▶ **Record set**
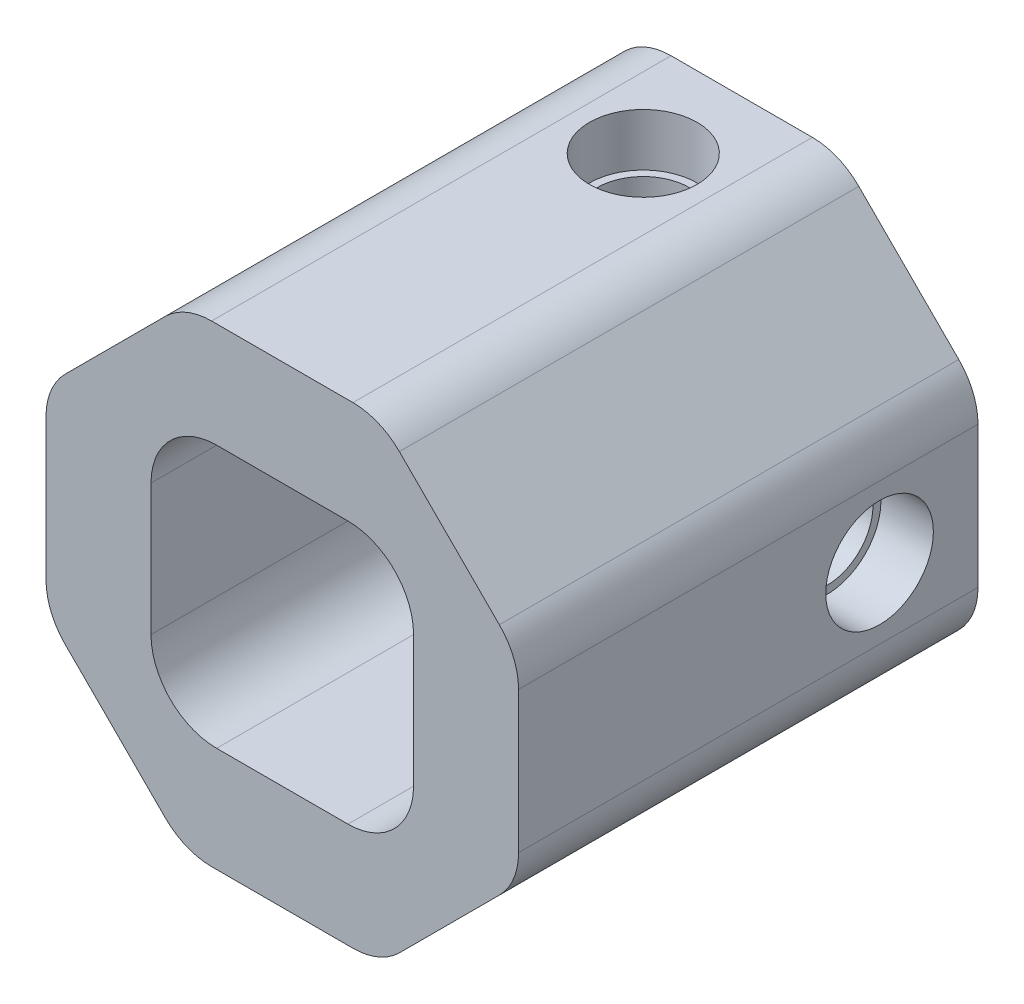
ISO-10303-21;
HEADER;
FILE_DESCRIPTION(('STEP AP214'),'2;1');
FILE_NAME('part.step','',(''),(''),'','','');
FILE_SCHEMA(('AUTOMOTIVE_DESIGN { 1 0 10303 214 1 1 1 1 }'));
ENDSEC;
DATA;
#1=APPLICATION_CONTEXT('core data for automotive mechanical design processes');
#2=APPLICATION_PROTOCOL_DEFINITION('international standard','automotive_design',2000,#1);
#3=PRODUCT_CONTEXT('',#1,'mechanical');
#4=PRODUCT('Part','Part','',(#3));
#5=PRODUCT_RELATED_PRODUCT_CATEGORY('part','',(#4));
#6=PRODUCT_DEFINITION_FORMATION('','',#4);
#7=PRODUCT_DEFINITION_CONTEXT('part definition',#1,'design');
#8=PRODUCT_DEFINITION('design','',#6,#7);
#9=PRODUCT_DEFINITION_SHAPE('','',#8);
#10=(LENGTH_UNIT() NAMED_UNIT(*) SI_UNIT(.MILLI.,.METRE.));
#11=(NAMED_UNIT(*) PLANE_ANGLE_UNIT() SI_UNIT($,.RADIAN.));
#12=(NAMED_UNIT(*) SI_UNIT($,.STERADIAN.) SOLID_ANGLE_UNIT());
#13=UNCERTAINTY_MEASURE_WITH_UNIT(LENGTH_MEASURE(1.E-05),#10,'distance_accuracy_value','');
#14=(GEOMETRIC_REPRESENTATION_CONTEXT(3) GLOBAL_UNCERTAINTY_ASSIGNED_CONTEXT((#13)) GLOBAL_UNIT_ASSIGNED_CONTEXT((#10,
#11,#12)) REPRESENTATION_CONTEXT('',''));
#15=CARTESIAN_POINT('',(0.,0.,0.));
#16=DIRECTION('',(0.,0.,1.));
#17=DIRECTION('',(1.,0.,0.));
#18=AXIS2_PLACEMENT_3D('',#15,#16,#17);
#19=CARTESIAN_POINT('',(-7.45584412271571,18.,7.5));
#20=DIRECTION('',(0.707106781186548,-0.707106781186547,0.));
#21=DIRECTION('',(0.707106781186547,0.707106781186548,0.));
#22=AXIS2_PLACEMENT_3D('',#19,#20,#21);
#23=PLANE('',#22);
#24=DIRECTION('',(-0.707106781186547,-0.707106781186548,0.));
#25=VECTOR('',#24,1.);
#26=CARTESIAN_POINT('',(-7.45584412271571,18.,-7.5));
#27=LINE('',#26,#25);
#28=CARTESIAN_POINT('',(-8.92031021678297,16.5355339059327,-7.5));
#29=VERTEX_POINT('',#28);
#30=CARTESIAN_POINT('',(-16.5355339059327,8.92031021678298,-7.5));
#31=VERTEX_POINT('',#30);
#32=EDGE_CURVE('E316',#29,#31,#27,.T.);
#33=ORIENTED_EDGE('',*,*,#32,.T.);
#34=DIRECTION('',(0.,0.,-1.));
#35=VECTOR('',#34,1.);
#36=CARTESIAN_POINT('',(-16.5355339059327,8.92031021678298,7.5));
#37=LINE('',#36,#35);
#38=CARTESIAN_POINT('',(-16.5355339059327,8.92031021678298,27.5));
#39=VERTEX_POINT('',#38);
#40=EDGE_CURVE('E11',#31,#39,#37,.F.);
#41=ORIENTED_EDGE('',*,*,#40,.T.);
#42=DIRECTION('',(-0.707106781186547,-0.707106781186548,0.));
#43=VECTOR('',#42,1.);
#44=CARTESIAN_POINT('',(-8.92031021678297,16.5355339059327,27.5));
#45=LINE('',#44,#43);
#46=CARTESIAN_POINT('',(-8.92031021678297,16.5355339059327,27.5));
#47=VERTEX_POINT('',#46);
#48=EDGE_CURVE('E273',#47,#39,#45,.T.);
#49=ORIENTED_EDGE('',*,*,#48,.F.);
#50=DIRECTION('',(0.,0.,-1.));
#51=VECTOR('',#50,1.);
#52=CARTESIAN_POINT('',(-8.92031021678297,16.5355339059327,7.5));
#53=LINE('',#52,#51);
#54=EDGE_CURVE('E47',#47,#29,#53,.T.);
#55=ORIENTED_EDGE('',*,*,#54,.T.);
#56=EDGE_LOOP('',(#33,#41,#49,#55));
#57=FACE_BOUND('',#56,.T.);
#58=ADVANCED_FACE('F39',(#57),#23,.F.);
#59=CARTESIAN_POINT('',(-18.,7.45584412271571,7.5));
#60=DIRECTION('',(1.,0.,0.));
#61=DIRECTION('',(0.,0.,-1.));
#62=AXIS2_PLACEMENT_3D('',#59,#60,#61);
#63=PLANE('',#62);
#64=CARTESIAN_POINT('',(-18.,0.,0.));
#65=DIRECTION('',(1.,0.,0.));
#66=DIRECTION('',(0.,0.,-1.));
#67=AXIS2_PLACEMENT_3D('',#64,#65,#66);
#68=CIRCLE('',#67,4.1);
#69=CARTESIAN_POINT('',(-18.,0.,-4.1));
#70=VERTEX_POINT('',#69);
#71=EDGE_CURVE('E294',#70,#70,#68,.T.);
#72=ORIENTED_EDGE('',*,*,#71,.T.);
#73=EDGE_LOOP('',(#72));
#74=FACE_BOUND('',#73,.T.);
#75=DIRECTION('',(0.,-1.,0.));
#76=VECTOR('',#75,1.);
#77=CARTESIAN_POINT('',(-18.,7.45584412271571,-7.5));
#78=LINE('',#77,#76);
#79=CARTESIAN_POINT('',(-18.,5.38477631085024,-7.5));
#80=VERTEX_POINT('',#79);
#81=CARTESIAN_POINT('',(-18.,-5.38477631085024,-7.5));
#82=VERTEX_POINT('',#81);
#83=EDGE_CURVE('E319',#80,#82,#78,.T.);
#84=ORIENTED_EDGE('',*,*,#83,.T.);
#85=DIRECTION('',(0.,0.,-1.));
#86=VECTOR('',#85,1.);
#87=CARTESIAN_POINT('',(-18.,-5.38477631085024,7.5));
#88=LINE('',#87,#86);
#89=CARTESIAN_POINT('',(-18.,-5.38477631085024,27.5));
#90=VERTEX_POINT('',#89);
#91=EDGE_CURVE('E394',#82,#90,#88,.F.);
#92=ORIENTED_EDGE('',*,*,#91,.T.);
#93=DIRECTION('',(0.,-1.,0.));
#94=VECTOR('',#93,1.);
#95=CARTESIAN_POINT('',(-18.,5.38477631085024,27.5));
#96=LINE('',#95,#94);
#97=CARTESIAN_POINT('',(-18.,5.38477631085024,27.5));
#98=VERTEX_POINT('',#97);
#99=EDGE_CURVE('E279',#98,#90,#96,.T.);
#100=ORIENTED_EDGE('',*,*,#99,.F.);
#101=DIRECTION('',(0.,0.,-1.));
#102=VECTOR('',#101,1.);
#103=CARTESIAN_POINT('',(-18.,5.38477631085024,7.5));
#104=LINE('',#103,#102);
#105=EDGE_CURVE('E392',#98,#80,#104,.T.);
#106=ORIENTED_EDGE('',*,*,#105,.T.);
#107=EDGE_LOOP('',(#84,#92,#100,#106));
#108=FACE_BOUND('',#107,.T.);
#109=ADVANCED_FACE('F416',(#74,#108),#63,.F.);
#110=CARTESIAN_POINT('',(-18.,-7.45584412271571,7.5));
#111=DIRECTION('',(0.707106781186548,0.707106781186547,0.));
#112=DIRECTION('',(-0.707106781186547,0.707106781186548,0.));
#113=AXIS2_PLACEMENT_3D('',#110,#111,#112);
#114=PLANE('',#113);
#115=DIRECTION('',(0.707106781186547,-0.707106781186548,0.));
#116=VECTOR('',#115,1.);
#117=CARTESIAN_POINT('',(-18.,-7.45584412271571,-7.5));
#118=LINE('',#117,#116);
#119=CARTESIAN_POINT('',(-16.5355339059327,-8.92031021678297,-7.5));
#120=VERTEX_POINT('',#119);
#121=CARTESIAN_POINT('',(-8.92031021678298,-16.5355339059327,-7.5));
#122=VERTEX_POINT('',#121);
#123=EDGE_CURVE('E321',#120,#122,#118,.T.);
#124=ORIENTED_EDGE('',*,*,#123,.T.);
#125=DIRECTION('',(0.,0.,-1.));
#126=VECTOR('',#125,1.);
#127=CARTESIAN_POINT('',(-8.92031021678298,-16.5355339059327,7.5));
#128=LINE('',#127,#126);
#129=CARTESIAN_POINT('',(-8.92031021678298,-16.5355339059327,27.5));
#130=VERTEX_POINT('',#129);
#131=EDGE_CURVE('E390',#122,#130,#128,.F.);
#132=ORIENTED_EDGE('',*,*,#131,.T.);
#133=DIRECTION('',(0.707106781186547,-0.707106781186548,0.));
#134=VECTOR('',#133,1.);
#135=CARTESIAN_POINT('',(-16.5355339059327,-8.92031021678297,27.5));
#136=LINE('',#135,#134);
#137=CARTESIAN_POINT('',(-16.5355339059327,-8.92031021678297,27.5));
#138=VERTEX_POINT('',#137);
#139=EDGE_CURVE('E285',#138,#130,#136,.T.);
#140=ORIENTED_EDGE('',*,*,#139,.F.);
#141=DIRECTION('',(0.,0.,-1.));
#142=VECTOR('',#141,1.);
#143=CARTESIAN_POINT('',(-16.5355339059327,-8.92031021678297,7.5));
#144=LINE('',#143,#142);
#145=EDGE_CURVE('E387',#138,#120,#144,.T.);
#146=ORIENTED_EDGE('',*,*,#145,.T.);
#147=EDGE_LOOP('',(#124,#132,#140,#146));
#148=FACE_BOUND('',#147,.T.);
#149=ADVANCED_FACE('F425',(#148),#114,.F.);
#150=CARTESIAN_POINT('',(-7.45584412271572,-18.,7.5));
#151=DIRECTION('',(0.,1.,0.));
#152=DIRECTION('',(-1.,0.,0.));
#153=AXIS2_PLACEMENT_3D('',#150,#151,#152);
#154=PLANE('',#153);
#155=CARTESIAN_POINT('',(0.,-18.,0.));
#156=DIRECTION('',(0.,1.,0.));
#157=DIRECTION('',(-1.,0.,0.));
#158=AXIS2_PLACEMENT_3D('',#155,#156,#157);
#159=CIRCLE('',#158,4.1);
#160=CARTESIAN_POINT('',(-4.1,-18.,0.));
#161=VERTEX_POINT('',#160);
#162=EDGE_CURVE('E303',#161,#161,#159,.T.);
#163=ORIENTED_EDGE('',*,*,#162,.T.);
#164=EDGE_LOOP('',(#163));
#165=FACE_BOUND('',#164,.T.);
#166=DIRECTION('',(1.,0.,0.));
#167=VECTOR('',#166,1.);
#168=CARTESIAN_POINT('',(-7.45584412271572,-18.,-7.5));
#169=LINE('',#168,#167);
#170=CARTESIAN_POINT('',(-5.38477631085024,-18.,-7.5));
#171=VERTEX_POINT('',#170);
#172=CARTESIAN_POINT('',(5.38477631085023,-18.,-7.5));
#173=VERTEX_POINT('',#172);
#174=EDGE_CURVE('E324',#171,#173,#169,.T.);
#175=ORIENTED_EDGE('',*,*,#174,.T.);
#176=DIRECTION('',(0.,0.,-1.));
#177=VECTOR('',#176,1.);
#178=CARTESIAN_POINT('',(5.38477631085023,-18.,7.5));
#179=LINE('',#178,#177);
#180=CARTESIAN_POINT('',(5.38477631085023,-18.,27.5));
#181=VERTEX_POINT('',#180);
#182=EDGE_CURVE('E385',#173,#181,#179,.F.);
#183=ORIENTED_EDGE('',*,*,#182,.T.);
#184=DIRECTION('',(1.,0.,0.));
#185=VECTOR('',#184,1.);
#186=CARTESIAN_POINT('',(-5.38477631085024,-18.,27.5));
#187=LINE('',#186,#185);
#188=CARTESIAN_POINT('',(-5.38477631085024,-18.,27.5));
#189=VERTEX_POINT('',#188);
#190=EDGE_CURVE('E291',#189,#181,#187,.T.);
#191=ORIENTED_EDGE('',*,*,#190,.F.);
#192=DIRECTION('',(0.,0.,-1.));
#193=VECTOR('',#192,1.);
#194=CARTESIAN_POINT('',(-5.38477631085024,-18.,7.5));
#195=LINE('',#194,#193);
#196=EDGE_CURVE('E382',#189,#171,#195,.T.);
#197=ORIENTED_EDGE('',*,*,#196,.T.);
#198=EDGE_LOOP('',(#175,#183,#191,#197));
#199=FACE_BOUND('',#198,.T.);
#200=ADVANCED_FACE('F432',(#165,#199),#154,.F.);
#201=CARTESIAN_POINT('',(7.45584412271571,-18.,7.5));
#202=DIRECTION('',(-0.707106781186547,0.707106781186548,0.));
#203=DIRECTION('',(-0.707106781186548,-0.707106781186547,0.));
#204=AXIS2_PLACEMENT_3D('',#201,#202,#203);
#205=PLANE('',#204);
#206=DIRECTION('',(0.707106781186548,0.707106781186547,0.));
#207=VECTOR('',#206,1.);
#208=CARTESIAN_POINT('',(7.45584412271571,-18.,-7.5));
#209=LINE('',#208,#207);
#210=CARTESIAN_POINT('',(8.92031021678297,-16.5355339059327,-7.5));
#211=VERTEX_POINT('',#210);
#212=CARTESIAN_POINT('',(16.5355339059327,-8.92031021678298,-7.5));
#213=VERTEX_POINT('',#212);
#214=EDGE_CURVE('E327',#211,#213,#209,.T.);
#215=ORIENTED_EDGE('',*,*,#214,.T.);
#216=DIRECTION('',(0.,0.,-1.));
#217=VECTOR('',#216,1.);
#218=CARTESIAN_POINT('',(16.5355339059327,-8.92031021678298,7.5));
#219=LINE('',#218,#217);
#220=CARTESIAN_POINT('',(16.5355339059327,-8.92031021678298,27.5));
#221=VERTEX_POINT('',#220);
#222=EDGE_CURVE('E380',#213,#221,#219,.F.);
#223=ORIENTED_EDGE('',*,*,#222,.T.);
#224=DIRECTION('',(0.707106781186548,0.707106781186547,0.));
#225=VECTOR('',#224,1.);
#226=CARTESIAN_POINT('',(8.92031021678297,-16.5355339059327,27.5));
#227=LINE('',#226,#225);
#228=CARTESIAN_POINT('',(8.92031021678297,-16.5355339059327,27.5));
#229=VERTEX_POINT('',#228);
#230=EDGE_CURVE('E249',#229,#221,#227,.T.);
#231=ORIENTED_EDGE('',*,*,#230,.F.);
#232=DIRECTION('',(0.,0.,-1.));
#233=VECTOR('',#232,1.);
#234=CARTESIAN_POINT('',(8.92031021678297,-16.5355339059327,7.5));
#235=LINE('',#234,#233);
#236=EDGE_CURVE('E377',#229,#211,#235,.T.);
#237=ORIENTED_EDGE('',*,*,#236,.T.);
#238=EDGE_LOOP('',(#215,#223,#231,#237));
#239=FACE_BOUND('',#238,.T.);
#240=ADVANCED_FACE('F833',(#239),#205,.F.);
#241=CARTESIAN_POINT('',(18.,-7.45584412271571,7.5));
#242=DIRECTION('',(-1.,0.,0.));
#243=DIRECTION('',(0.,-1.,0.));
#244=AXIS2_PLACEMENT_3D('',#241,#242,#243);
#245=PLANE('',#244);
#246=CARTESIAN_POINT('',(18.,0.,0.));
#247=DIRECTION('',(-1.,0.,0.));
#248=DIRECTION('',(0.,-1.,0.));
#249=AXIS2_PLACEMENT_3D('',#246,#247,#248);
#250=CIRCLE('',#249,4.1);
#251=CARTESIAN_POINT('',(18.,-4.1,0.));
#252=VERTEX_POINT('',#251);
#253=EDGE_CURVE('E297',#252,#252,#250,.T.);
#254=ORIENTED_EDGE('',*,*,#253,.T.);
#255=EDGE_LOOP('',(#254));
#256=FACE_BOUND('',#255,.T.);
#257=DIRECTION('',(0.,0.,-1.));
#258=VECTOR('',#257,1.);
#259=CARTESIAN_POINT('',(18.,5.38477631085023,7.5));
#260=LINE('',#259,#258);
#261=CARTESIAN_POINT('',(18.,5.38477631085023,-7.5));
#262=VERTEX_POINT('',#261);
#263=CARTESIAN_POINT('',(18.,5.38477631085023,27.5));
#264=VERTEX_POINT('',#263);
#265=EDGE_CURVE('E358',#262,#264,#260,.F.);
#266=ORIENTED_EDGE('',*,*,#265,.T.);
#267=DIRECTION('',(0.,1.,0.));
#268=VECTOR('',#267,1.);
#269=CARTESIAN_POINT('',(18.,-5.38477631085024,27.5));
#270=LINE('',#269,#268);
#271=CARTESIAN_POINT('',(18.,-5.38477631085024,27.5));
#272=VERTEX_POINT('',#271);
#273=EDGE_CURVE('E255',#272,#264,#270,.T.);
#274=ORIENTED_EDGE('',*,*,#273,.F.);
#275=DIRECTION('',(0.,0.,-1.));
#276=VECTOR('',#275,1.);
#277=CARTESIAN_POINT('',(18.,-5.38477631085024,7.5));
#278=LINE('',#277,#276);
#279=CARTESIAN_POINT('',(18.,-5.38477631085024,-7.5));
#280=VERTEX_POINT('',#279);
#281=EDGE_CURVE('E360',#272,#280,#278,.T.);
#282=ORIENTED_EDGE('',*,*,#281,.T.);
#283=DIRECTION('',(0.,1.,0.));
#284=VECTOR('',#283,1.);
#285=CARTESIAN_POINT('',(18.,-7.45584412271571,-7.5));
#286=LINE('',#285,#284);
#287=EDGE_CURVE('E330',#280,#262,#286,.T.);
#288=ORIENTED_EDGE('',*,*,#287,.T.);
#289=EDGE_LOOP('',(#266,#274,#282,#288));
#290=FACE_BOUND('',#289,.T.);
#291=ADVANCED_FACE('F445',(#256,#290),#245,.F.);
#292=CARTESIAN_POINT('',(18.,7.45584412271571,7.5));
#293=DIRECTION('',(-0.707106781186548,-0.707106781186547,0.));
#294=DIRECTION('',(0.707106781186547,-0.707106781186548,0.));
#295=AXIS2_PLACEMENT_3D('',#292,#293,#294);
#296=PLANE('',#295);
#297=DIRECTION('',(0.,0.,-1.));
#298=VECTOR('',#297,1.);
#299=CARTESIAN_POINT('',(8.92031021678298,16.5355339059327,7.5));
#300=LINE('',#299,#298);
#301=CARTESIAN_POINT('',(8.92031021678298,16.5355339059327,-7.5));
#302=VERTEX_POINT('',#301);
#303=CARTESIAN_POINT('',(8.92031021678298,16.5355339059327,27.5));
#304=VERTEX_POINT('',#303);
#305=EDGE_CURVE('E396',#302,#304,#300,.F.);
#306=ORIENTED_EDGE('',*,*,#305,.T.);
#307=DIRECTION('',(-0.707106781186547,0.707106781186548,0.));
#308=VECTOR('',#307,1.);
#309=CARTESIAN_POINT('',(16.5355339059327,8.92031021678297,27.5));
#310=LINE('',#309,#308);
#311=CARTESIAN_POINT('',(16.5355339059327,8.92031021678297,27.5));
#312=VERTEX_POINT('',#311);
#313=EDGE_CURVE('E261',#312,#304,#310,.T.);
#314=ORIENTED_EDGE('',*,*,#313,.F.);
#315=DIRECTION('',(0.,0.,-1.));
#316=VECTOR('',#315,1.);
#317=CARTESIAN_POINT('',(16.5355339059327,8.92031021678297,7.5));
#318=LINE('',#317,#316);
#319=CARTESIAN_POINT('',(16.5355339059327,8.92031021678297,-7.5));
#320=VERTEX_POINT('',#319);
#321=EDGE_CURVE('E398',#312,#320,#318,.T.);
#322=ORIENTED_EDGE('',*,*,#321,.T.);
#323=DIRECTION('',(-0.707106781186547,0.707106781186548,0.));
#324=VECTOR('',#323,1.);
#325=CARTESIAN_POINT('',(18.,7.45584412271571,-7.5));
#326=LINE('',#325,#324);
#327=EDGE_CURVE('E333',#320,#302,#326,.T.);
#328=ORIENTED_EDGE('',*,*,#327,.T.);
#329=EDGE_LOOP('',(#306,#314,#322,#328));
#330=FACE_BOUND('',#329,.T.);
#331=ADVANCED_FACE('F454',(#330),#296,.F.);
#332=CARTESIAN_POINT('',(7.45584412271571,18.,7.5));
#333=DIRECTION('',(0.,-1.,0.));
#334=DIRECTION('',(1.,0.,0.));
#335=AXIS2_PLACEMENT_3D('',#332,#333,#334);
#336=PLANE('',#335);
#337=CARTESIAN_POINT('',(0.,18.,0.));
#338=DIRECTION('',(0.,-1.,0.));
#339=DIRECTION('',(0.,0.,-1.));
#340=AXIS2_PLACEMENT_3D('',#337,#338,#339);
#341=CIRCLE('',#340,4.1);
#342=CARTESIAN_POINT('',(0.,18.,-4.1));
#343=VERTEX_POINT('',#342);
#344=EDGE_CURVE('E300',#343,#343,#341,.T.);
#345=ORIENTED_EDGE('',*,*,#344,.T.);
#346=EDGE_LOOP('',(#345));
#347=FACE_BOUND('',#346,.T.);
#348=DIRECTION('',(0.,0.,-1.));
#349=VECTOR('',#348,1.);
#350=CARTESIAN_POINT('',(-5.38477631085023,18.,7.5));
#351=LINE('',#350,#349);
#352=CARTESIAN_POINT('',(-5.38477631085023,18.,-7.5));
#353=VERTEX_POINT('',#352);
#354=CARTESIAN_POINT('',(-5.38477631085023,18.,27.5));
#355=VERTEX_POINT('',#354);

▶ **Task objective**
Among the records above, repeat exactly the line with "#316=VECTOR('',#315,1.);", the line with "#349=VECTOR('',#348,1.);", and every line in between, and only those.

▶ **Answer to this task**
#316=VECTOR('',#315,1.);
#317=CARTESIAN_POINT('',(16.5355339059327,8.92031021678297,7.5));
#318=LINE('',#317,#316);
#319=CARTESIAN_POINT('',(16.5355339059327,8.92031021678297,-7.5));
#320=VERTEX_POINT('',#319);
#321=EDGE_CURVE('E398',#312,#320,#318,.T.);
#322=ORIENTED_EDGE('',*,*,#321,.T.);
#323=DIRECTION('',(-0.707106781186547,0.707106781186548,0.));
#324=VECTOR('',#323,1.);
#325=CARTESIAN_POINT('',(18.,7.45584412271571,-7.5));
#326=LINE('',#325,#324);
#327=EDGE_CURVE('E333',#320,#302,#326,.T.);
#328=ORIENTED_EDGE('',*,*,#327,.T.);
#329=EDGE_LOOP('',(#306,#314,#322,#328));
#330=FACE_BOUND('',#329,.T.);
#331=ADVANCED_FACE('F454',(#330),#296,.F.);
#332=CARTESIAN_POINT('',(7.45584412271571,18.,7.5));
#333=DIRECTION('',(0.,-1.,0.));
#334=DIRECTION('',(1.,0.,0.));
#335=AXIS2_PLACEMENT_3D('',#332,#333,#334);
#336=PLANE('',#335);
#337=CARTESIAN_POINT('',(0.,18.,0.));
#338=DIRECTION('',(0.,-1.,0.));
#339=DIRECTION('',(0.,0.,-1.));
#340=AXIS2_PLACEMENT_3D('',#337,#338,#339);
#341=CIRCLE('',#340,4.1);
#342=CARTESIAN_POINT('',(0.,18.,-4.1));
#343=VERTEX_POINT('',#342);
#344=EDGE_CURVE('E300',#343,#343,#341,.T.);
#345=ORIENTED_EDGE('',*,*,#344,.T.);
#346=EDGE_LOOP('',(#345));
#347=FACE_BOUND('',#346,.T.);
#348=DIRECTION('',(0.,0.,-1.));
#349=VECTOR('',#348,1.);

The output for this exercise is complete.